# Your goal
Check each line of the listing for the word "EAMM" and give only the number of lines that have it.

__________________________________________________

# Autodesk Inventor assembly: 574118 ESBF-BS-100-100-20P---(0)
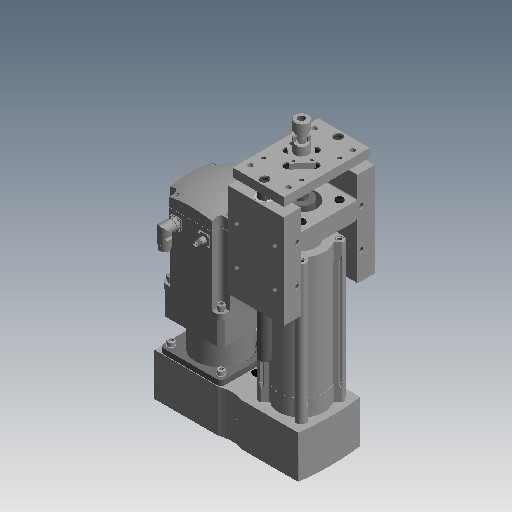
[picture p0: Inventor's stored thumbnail of the model, 512x512]
Saved by Autodesk Inventor 2021 (Build 250183000, 183)
## iProperties
Category: PARTsolutions
Company: FESTO
Part Number: 574118 ESBF-BS-100-100-20P---(0)
Catalog Web Link: www.cadenas.de
Description: ESBF-Electro-cylinder
Vendor: FESTO
Document SubType Name: Assembly
Designer: partserver
Manufacturer: FESTO
Mass: 13053 g
Surface Area: 3910.43 cm^2
Volume: 3059.16 cm^3
Density: 4.26685 g/cm^3
PSOL_IDENT_0: {ATYP=ASSISTANT},{DATA=script=$CADENAS_DATA/23d-libs/festo/webfesto.vbb&M_FAMILY=ESBF&M_GROUP=01&M_P
PSOL_IDENT_1: ARTNO=574118&IDCODE1=ESBF-BS-100-100-20P&IDCODE2=&customer_number_cns=&MATES=1&LOD=HI&LOCKERP=0&SING
PSOL_IDENT_2: LEPART=1}
NB: 574118 ESBF-BS-100-100-20P---(0)
NN: ESBF
NT: Electro-cylinder
NBSYN: $TNR. $TYP.---($HUBST.)
LINA: 574118 ESBF-BS-100-100-20P
CATALOG: Festo
TNR: 574118
TYP: ESBF-BS-100-100-20P
ANT: BS
KDM: 100
HUB: 100
SPI: 20P
HUBST: 0
AM: 40
WH: 51
L1: 33
L2: 324
L3: 39.5
L4: 30
L5: 6.1
L7: 68.5
L8: 5
G: 39
G1: 39
VA: 12
VD: 20
ZJ: 375
KK: M20x1.5
MM: 25
B: 70
D1: 50
D2: 24
D3: 100
BG: 17
EE: G1/8
E: 110
RT: M10
SW1: 22
SW2: 30
SW3: 6
TG: 89
CNSMASSEXACT: 13.053
SUPPLIER: FESTO
ARTICLENO: 574118 ESBF-BS-100-100-20P---(0)
BOMINFO: 574118 ESBF-BS-100-100-20P
CREATOR: CADENAS GmbH
Title: 574118 ESBF-BS-100-100-20P
Author: Cadenas PARTsolutions
Comments: Electro-cylinder
## Documents named in this file (11)
- C:\Users\Santiago Suárez\Documents\GitHub\Dis.-Mecatronico-E6\inventor proyecto\PARTserver0202108060004321756159710e898ce\AIS2021\574118 ESBF-BS-100-100-20P---(0).iam
- C:\Users\Santiago Suárez\Documents\GitHub\Dis.-Mecatronico-E6\inventor proyecto\PARTserver0202108060004321756159710e898ce\AIS2021\ESBF-BS-100-100---(ZR_-_-).ipt
- C:\Users\Santiago Suárez\Documents\GitHub\Dis.-Mecatronico-E6\inventor proyecto\PARTserver0202108060004321756159710e898ce\AIS2021\ESBF-BS-100-100-20P---(KS_0).ipt
- C:\Users\Santiago Suárez\Documents\GitHub\Dis.-Mecatronico-E6\inventor proyecto\PARTserver0202108060004321756159710e898ce\AIS2021\1515746 GUA M28x1_5.ipt
- C:\Users\Santiago Suárez\Documents\GitHub\Dis.-Mecatronico-E6\inventor proyecto\PARTserver0202108060004321756159710e898ce\AIS2021\ESBF-BS-100-ESBF-BS-100---(KSA).ipt
- C:\Users\Santiago Suárez\Documents\GitHub\Dis.-Mecatronico-E6\inventor proyecto\PARTserver0202108060004321756159710e898ce\AIS2021\AIS2021\1725850 EAGF-V2-KF-100-100---(0).iam
- C:\Users\Santiago Suárez\Documents\GitHub\Dis.-Mecatronico-E6\inventor proyecto\PARTserver0202108060004321756159710e898ce\AIS2021\552198 EMGA-120-P-G3-SAS-140.iam
- C:\Users\Santiago Suárez\Documents\GitHub\Dis.-Mecatronico-E6\inventor proyecto\PARTserver0202108060004321756159710e898ce\AIS2021\2803622 EAMM-U-145-D100-120G-188-S1.iam
- C:\Users\Santiago Suárez\Documents\GitHub\Dis.-Mecatronico-E6\inventor proyecto\PARTserver0202108060004321756159710e898ce\1574628 EMMS-AS-140-S-HV-RS.ipt
- C:\Users\Santiago Suárez\Documents\GitHub\Dis.-Mecatronico-E6\inventor proyecto\Cardan\cardan.iam
- C:\Users\Santiago Suárez\Documents\GitHub\Dis.-Mecatronico-E6\inventor proyecto\conector cardan.ipt
## Components (10 placed, 10 different names)
1. ESBF-BS-100-100---(ZR_-_-):1 — KS_XY@1 <-> ANBAU_XY@2, KS_Z@1 <-> ANBAU_Z@2, KS_YZ@1 <-> ANBAU_YZ@2, GUA_XY@1 <-> ANBAU_XY@4, GUA_Z@1 <-> ANBAU_Z@4, GUA_YZ@1 <-> ANBAU_YZ@4, KSA_XY@1 <-> ANBAU_XY@5, KSA_Z@1 <-> ANBAU_Z@5, KSA_YZ@1 <-> ANBAU_YZ@5, Rigid:5
2. ESBF-BS-100-100-20P---(KS_0):1 — KS_XY@1 <-> ANBAU_XY@2, KS_Z@1 <-> ANBAU_Z@2, KS_YZ@1 <-> ANBAU_YZ@2, Rigid:1
3. 1515746 GUA M28x1_5:1 — GUA_XY@1 <-> ANBAU_XY@4, GUA_Z@1 <-> ANBAU_Z@4, GUA_YZ@1 <-> ANBAU_YZ@4
4. ESBF-BS-100-ESBF-BS-100---(KSA):1 — KSA_XY@1 <-> ANBAU_XY@5, KSA_Z@1 <-> ANBAU_Z@5, KSA_YZ@1 <-> ANBAU_YZ@5
5. 1725850 EAGF-V2-KF-100-100---(0):1 [sub-assembly] — Rigid:1, Mate:9, Mate:10
6. 552198 EMGA-120-P-G3-SAS-140:1 [sub-assembly] — Rigid:2, Rigid:3
7. 2803622 EAMM-U-145-D100-120G-188-S1:1 [sub-assembly] — Rigid:3, Rigid:5
8. 1574628 EMMS-AS-140-S-HV-RS:1 — Rigid:2
9. cardan:1 [sub-assembly] — Rigid:4
10. conector cardan:1 — Mate:9, Mate:10, Rigid:4
## Relationships (16: Mate 8, WeldJoint 5, Angle 3)
- KS_XY@1 <-> ANBAU_XY@2 [Mate]: ESBF-BS-100-100---(ZR_-_-):1 ↔ ESBF-BS-100-100-20P---(KS_0):1
- KS_Z@1 <-> ANBAU_Z@2 [Mate]: ESBF-BS-100-100---(ZR_-_-):1 ↔ ESBF-BS-100-100-20P---(KS_0):1
- KS_YZ@1 <-> ANBAU_YZ@2 [Angle] (0 deg): ESBF-BS-100-100---(ZR_-_-):1 ↔ ESBF-BS-100-100-20P---(KS_0):1
- GUA_XY@1 <-> ANBAU_XY@4 [Mate]: ESBF-BS-100-100---(ZR_-_-):1 ↔ 1515746 GUA M28x1_5:1
- GUA_Z@1 <-> ANBAU_Z@4 [Mate]: ESBF-BS-100-100---(ZR_-_-):1 ↔ 1515746 GUA M28x1_5:1
- GUA_YZ@1 <-> ANBAU_YZ@4 [Angle] (0 deg): ESBF-BS-100-100---(ZR_-_-):1 ↔ 1515746 GUA M28x1_5:1
- KSA_XY@1 <-> ANBAU_XY@5 [Mate]: ESBF-BS-100-100---(ZR_-_-):1 ↔ ESBF-BS-100-ESBF-BS-100---(KSA):1
- KSA_Z@1 <-> ANBAU_Z@5 [Mate]: ESBF-BS-100-100---(ZR_-_-):1 ↔ ESBF-BS-100-ESBF-BS-100---(KSA):1
- KSA_YZ@1 <-> ANBAU_YZ@5 [Angle] (0 deg): ESBF-BS-100-100---(ZR_-_-):1 ↔ ESBF-BS-100-ESBF-BS-100---(KSA):1
- Rigid:1 [WeldJoint]: ESBF-BS-100-100-20P---(KS_0):1 ↔ 1725850 EAGF-V2-KF-100-100---(0):1
- Rigid:2 [WeldJoint]: 552198 EMGA-120-P-G3-SAS-140:1 ↔ 1574628 EMMS-AS-140-S-HV-RS:1
- Rigid:3 [WeldJoint]: 552198 EMGA-120-P-G3-SAS-140:1 ↔ 2803622 EAMM-U-145-D100-120G-188-S1:1
- Rigid:5 [WeldJoint]: ESBF-BS-100-100---(ZR_-_-):1 ↔ 2803622 EAMM-U-145-D100-120G-188-S1:1
- Mate:9: 1725850 EAGF-V2-KF-100-100---(0):1 ↔ conector cardan:1
- Mate:10: 1725850 EAGF-V2-KF-100-100---(0):1 ↔ conector cardan:1
- Rigid:4 [WeldJoint]: cardan:1 ↔ conector cardan:1

__________________________________________________

# Solution to this task
4